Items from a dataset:
——

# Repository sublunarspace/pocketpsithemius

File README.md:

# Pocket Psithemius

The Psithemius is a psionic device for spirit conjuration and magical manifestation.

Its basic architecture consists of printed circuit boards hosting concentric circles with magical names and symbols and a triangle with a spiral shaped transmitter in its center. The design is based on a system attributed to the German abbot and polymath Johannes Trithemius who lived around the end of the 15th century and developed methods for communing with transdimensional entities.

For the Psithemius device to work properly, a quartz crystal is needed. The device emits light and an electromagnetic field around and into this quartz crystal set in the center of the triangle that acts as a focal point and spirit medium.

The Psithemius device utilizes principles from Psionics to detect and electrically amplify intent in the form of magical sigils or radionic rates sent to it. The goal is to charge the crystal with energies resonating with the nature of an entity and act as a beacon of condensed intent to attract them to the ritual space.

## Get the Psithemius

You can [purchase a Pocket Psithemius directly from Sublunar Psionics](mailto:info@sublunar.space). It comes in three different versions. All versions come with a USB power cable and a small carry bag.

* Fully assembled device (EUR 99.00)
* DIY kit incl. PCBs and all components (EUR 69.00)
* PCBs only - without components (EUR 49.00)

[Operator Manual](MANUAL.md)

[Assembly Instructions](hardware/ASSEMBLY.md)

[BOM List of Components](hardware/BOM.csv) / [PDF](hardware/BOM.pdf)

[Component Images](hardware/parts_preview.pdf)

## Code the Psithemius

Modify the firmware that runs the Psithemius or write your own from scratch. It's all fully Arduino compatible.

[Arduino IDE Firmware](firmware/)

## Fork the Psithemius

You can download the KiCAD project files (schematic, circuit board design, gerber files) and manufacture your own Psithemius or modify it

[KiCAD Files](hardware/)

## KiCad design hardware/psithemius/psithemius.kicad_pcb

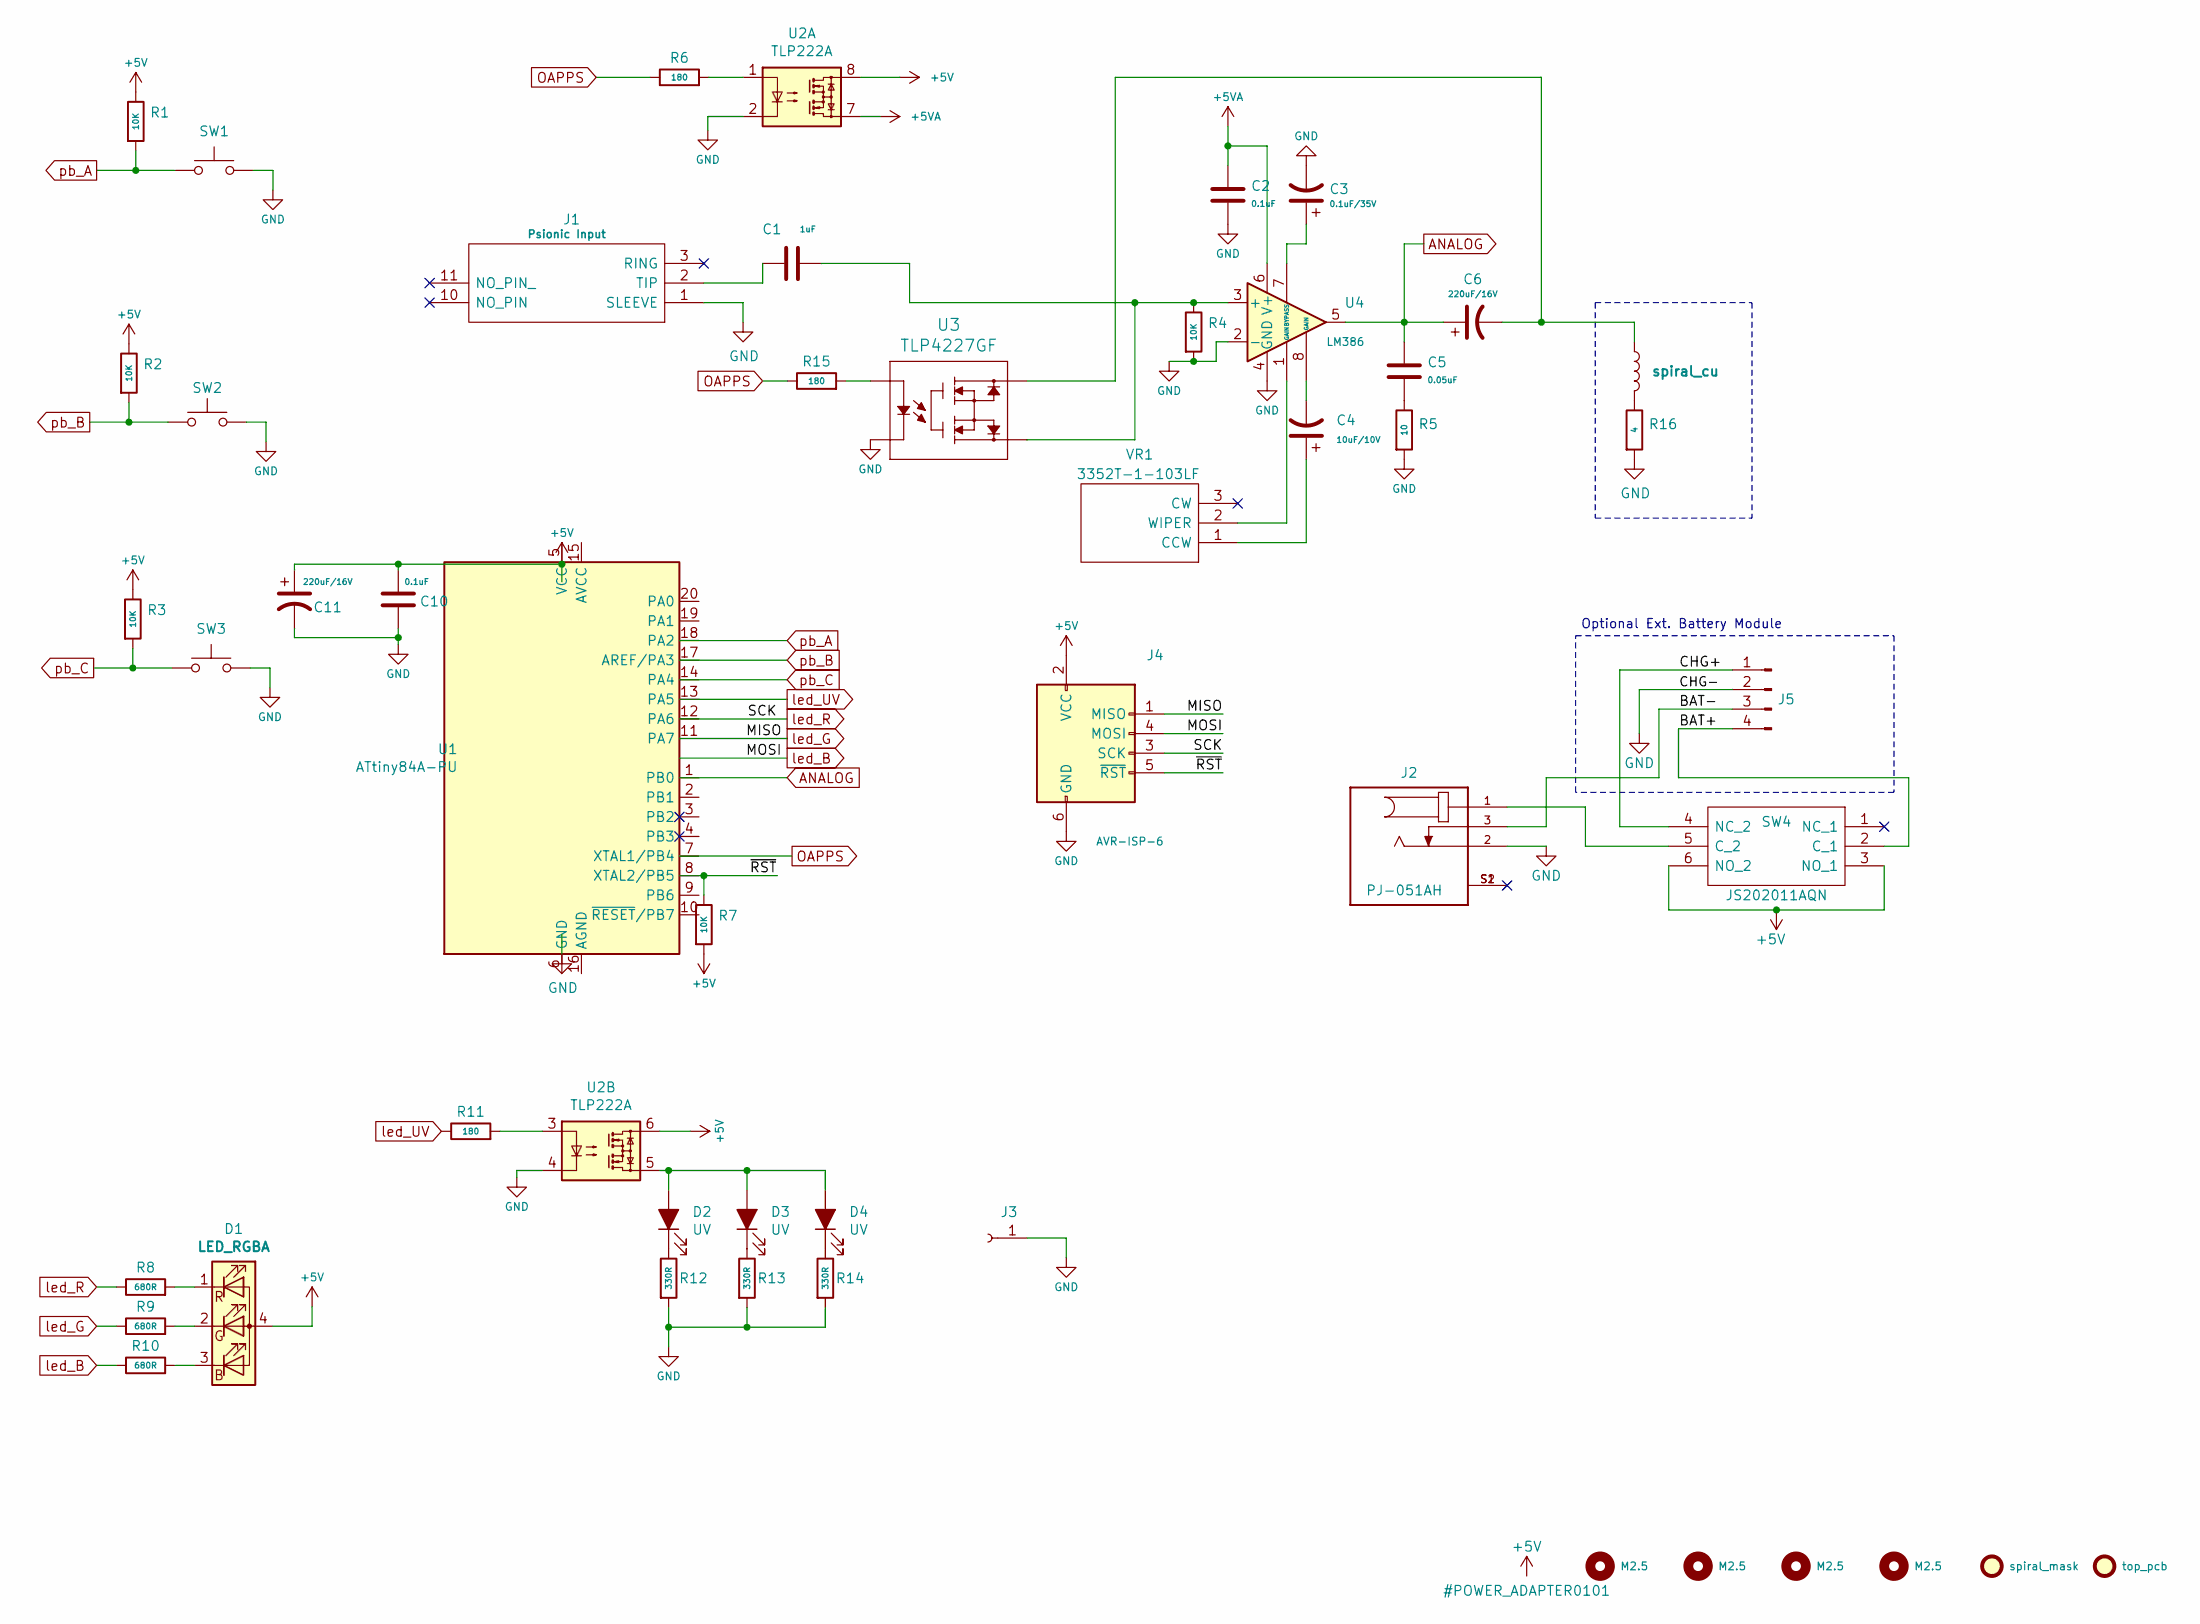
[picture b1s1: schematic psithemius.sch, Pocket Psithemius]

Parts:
C1: 1uF; C_Disc_D5.1mm_W3.2mm_P5.00mm; Part Number K105Z20Y5VF5TH5; Digi-Key BC1168CT-ND
C2, C10: 0.1uF; C_Disc_D4.7mm_W2.5mm_P5.00mm; Part Number K104K15X7RF5TH5; Digi-Key BC1101CT-ND
C3: 0.1uF/35V; CP_Radial_D4.0mm_P1.50mm; Part Number UMA1H0R1MCD2TP; Digi-Key 493-10420-3-ND
C4: 10uF/10V; CP_Radial_D4.0mm_P1.50mm; Part Number USV1C100MFD; Digi-Key 493-16020-ND
C5: 0.05uF; C_Disc_D4.7mm_W2.5mm_P5.00mm; Part Number 89350; Digi-Key 2368-89350-ND
C6, C11: 220uF/16V; CP_Radial_D8.0mm_P5.00mm; Part Number USR1C221MDD; Digi-Key 493-15996-ND
D1: LED_RGBA; WurthElektronik_156125M173000; Part Number 156125M173000; Digi-Key 732-11426-1-ND
D2, D3, D4: UV; LED_D5.0mm_Clear; Part Number VAOL-5GUV8T4; Digi-Key VAOL-5GUV8T4-ND
FID1: spiral_mask; LOGOТ_MASK; Part Number - - -; Digi-Key - - -
FID2: top_pcb; trithemius_top; Part Number - - -; Digi-Key - - -
FID3: spiral_cu; LOGO1; Part Number - - -; Digi-Key - - -
H1, H2, H3, H4: M2.5; RAF_M1257-2545-AL
J1: Psionic Input; SJ13523N; Part Number SJ1-3523N; Digi-Key CP1-3523N-ND
J2: PJ-051AH; CUI_PJ-051AH; Part Number PJ-051AH; Digi-Key CP-051AH-ND
J3: 7761; Earth; Part Number 7761; Digi-Key 36-7761-ND
J4: AVR-ISP-6; IDC-Header_2x03_P2.54mm_Horizontal; Part Number 61200621721; Digi-Key 732-5404-ND
J5: Internal Power; JST_PH_S4B-PH-K_1x04_P2.00mm_Horizontal; Part Number S4B-PH-K-S(LF)(SN); Digi-Key 455-1721-ND
R1, R2, R3, R4, R7: 10K; R_Axial_DIN0204_L3.6mm_D1.6mm_P7.62mm_Horizontal; Part Number CF18JT10K0; Digi-Key CF18JT10K0CT-ND
R5: 10; R_Axial_DIN0204_L3.6mm_D1.6mm_P7.62mm_Horizontal; Part Number CF18JT10R0; Digi-Key CF18JT10R0CT-ND
R6, R11, R15: 180; R_Axial_DIN0204_L3.6mm_D1.6mm_P7.62mm_Horizontal; Part Number CF18JT180R; Digi-Key CF18JT180RCT-ND
R8, R9, R10: 680R; R_Axial_DIN0204_L3.6mm_D1.6mm_P7.62mm_Horizontal; Part Number CF18JT680R; Digi-Key CF18JT680RCT-ND
R12, R13, R14: 330R; R_Axial_DIN0204_L3.6mm_D1.6mm_P7.62mm_Horizontal; Part Number CF18JT330R; Digi-Key CF18JT330RCT-ND
R16: 4; R_Axial_DIN0614_L14.3mm_D5.7mm_P20.32mm_Horizontal; Part Number WW1AFT4R00; Digi-Key WW1AFT4R00-ND
SW1, SW2, SW3: B3F-4050; SW_Tactile_SPST-NO_Omron_B3F-40xx; Part Number B3F-4050; Digi-Key SW413-ND
SW4: JS202011AQN; Mouser Part Number 611-JS202011AQN
U1: ATtiny84A-PU; DIP-14_W7.62mm; Part Number ATTINY84-20PU; Digi-Key ATTINY84-20PU-ND
U2: TLP222A; DIP-8_W7.62mm; Part Number TLP222A-2(F); Digi-Key TLP222A-2F-ND
U3: TLP4227GF; DIP-4_W7.62mm; Part Number TLP4227GF; Digi-Key TLP4227GF-ND
U4: LM386; DIP-8_W7.62mm; Part Number LM386MX-1/NOPB; Digi-Key 296-44414-5-ND
VR1: 3352T-1-103LF; 3352T1103LF; Mouser Part Number 652-3352T-1-103LF

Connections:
+5V: C10.2, C11.1, D1.4 (A), J4.2 (VCC), R1.1, R2.1, R3.1, R7.2, SW4.3 (NO_1), SW4.6 (NO_2), U2.6, U2.8
+5VA: C2.1, U2.7, U4.6 (V+)
/BAT+: J5.4, SW4.2 (C_1)
/BAT-: J2.3, J5.3
/CHG+: J5.1, SW4.4 (NC_2)
/~RST: J4.5 (~RST), R7.1
ANALOG: C5.1, C6.1, U4.5
GND: C2.2, C3.2, C10.1, C11.2, J1.1 (SLEEVE), J2.2, J3.1, J4.6 (GND), J5.2, R4.2, R5.2, R12.2, R13.2, R14.2, R16.2, SW1.2, SW2.2, SW3.2, U2.2, U2.4, U3.2, U4.2 (-), U4.4 (GND)
unnamed: C1.1, R4.1, U3.3 (DRAIN), U4.3 (+)
unnamed: C1.2, J1.2 (TIP)
unnamed: C3.1, U4.7 (BYPASS)
unnamed: C4.1, VR1.1 (CCW)
unnamed: C4.2, U4.8 (GAIN)
unnamed: C5.2, R5.1
unnamed: C6.2, FID3.1, U3.4 (DRAIN)
unnamed: D1.1 (RK), R8.2
unnamed: D1.2 (GK), R9.2
unnamed: D1.3 (BK), R10.2
unnamed: D2.1 (K), R12.1
unnamed: D2.2 (A), D3.2 (A), D4.2 (A), U2.5
unnamed: D3.1 (K), R13.1
unnamed: D4.1 (K), R14.1
unnamed: FID3.2, R16.1
unnamed: J2.1, SW4.5 (C_2)
unnamed: J2.S1 (SHIELD), J2.S2 (SHIELD)
unnamed: R6.2, U2.1
unnamed: R11.2, U2.3
unnamed: R15.2, U3.1
unnamed: U4.1 (GAIN), VR1.2 (WIPER)
OAPPS: R6.1, R15.1
led_B: J4.4 (MOSI), R10.1
led_G: J4.1 (MISO), R9.1
led_R: J4.3 (SCK), R8.1
led_UV: R11.1
pb_A: R1.2, SW1.1
pb_B: R2.2, SW2.1
pb_C: R3.2, SW3.1

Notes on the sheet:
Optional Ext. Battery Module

——

→ **YOUR INSTRUCTIONS**
For this exercise, please output exactly the lines above starting at the line with "unnamed: J2.1, SW4.5 (C_2)" and ending at the line with "led_UV: R11.1", ends included.

→ **ANSWER TO THIS EXERCISE**
unnamed: J2.1, SW4.5 (C_2)
unnamed: J2.S1 (SHIELD), J2.S2 (SHIELD)
unnamed: R6.2, U2.1
unnamed: R11.2, U2.3
unnamed: R15.2, U3.1
unnamed: U4.1 (GAIN), VR1.2 (WIPER)
OAPPS: R6.1, R15.1
led_B: J4.4 (MOSI), R10.1
led_G: J4.1 (MISO), R9.1
led_R: J4.3 (SCK), R8.1
led_UV: R11.1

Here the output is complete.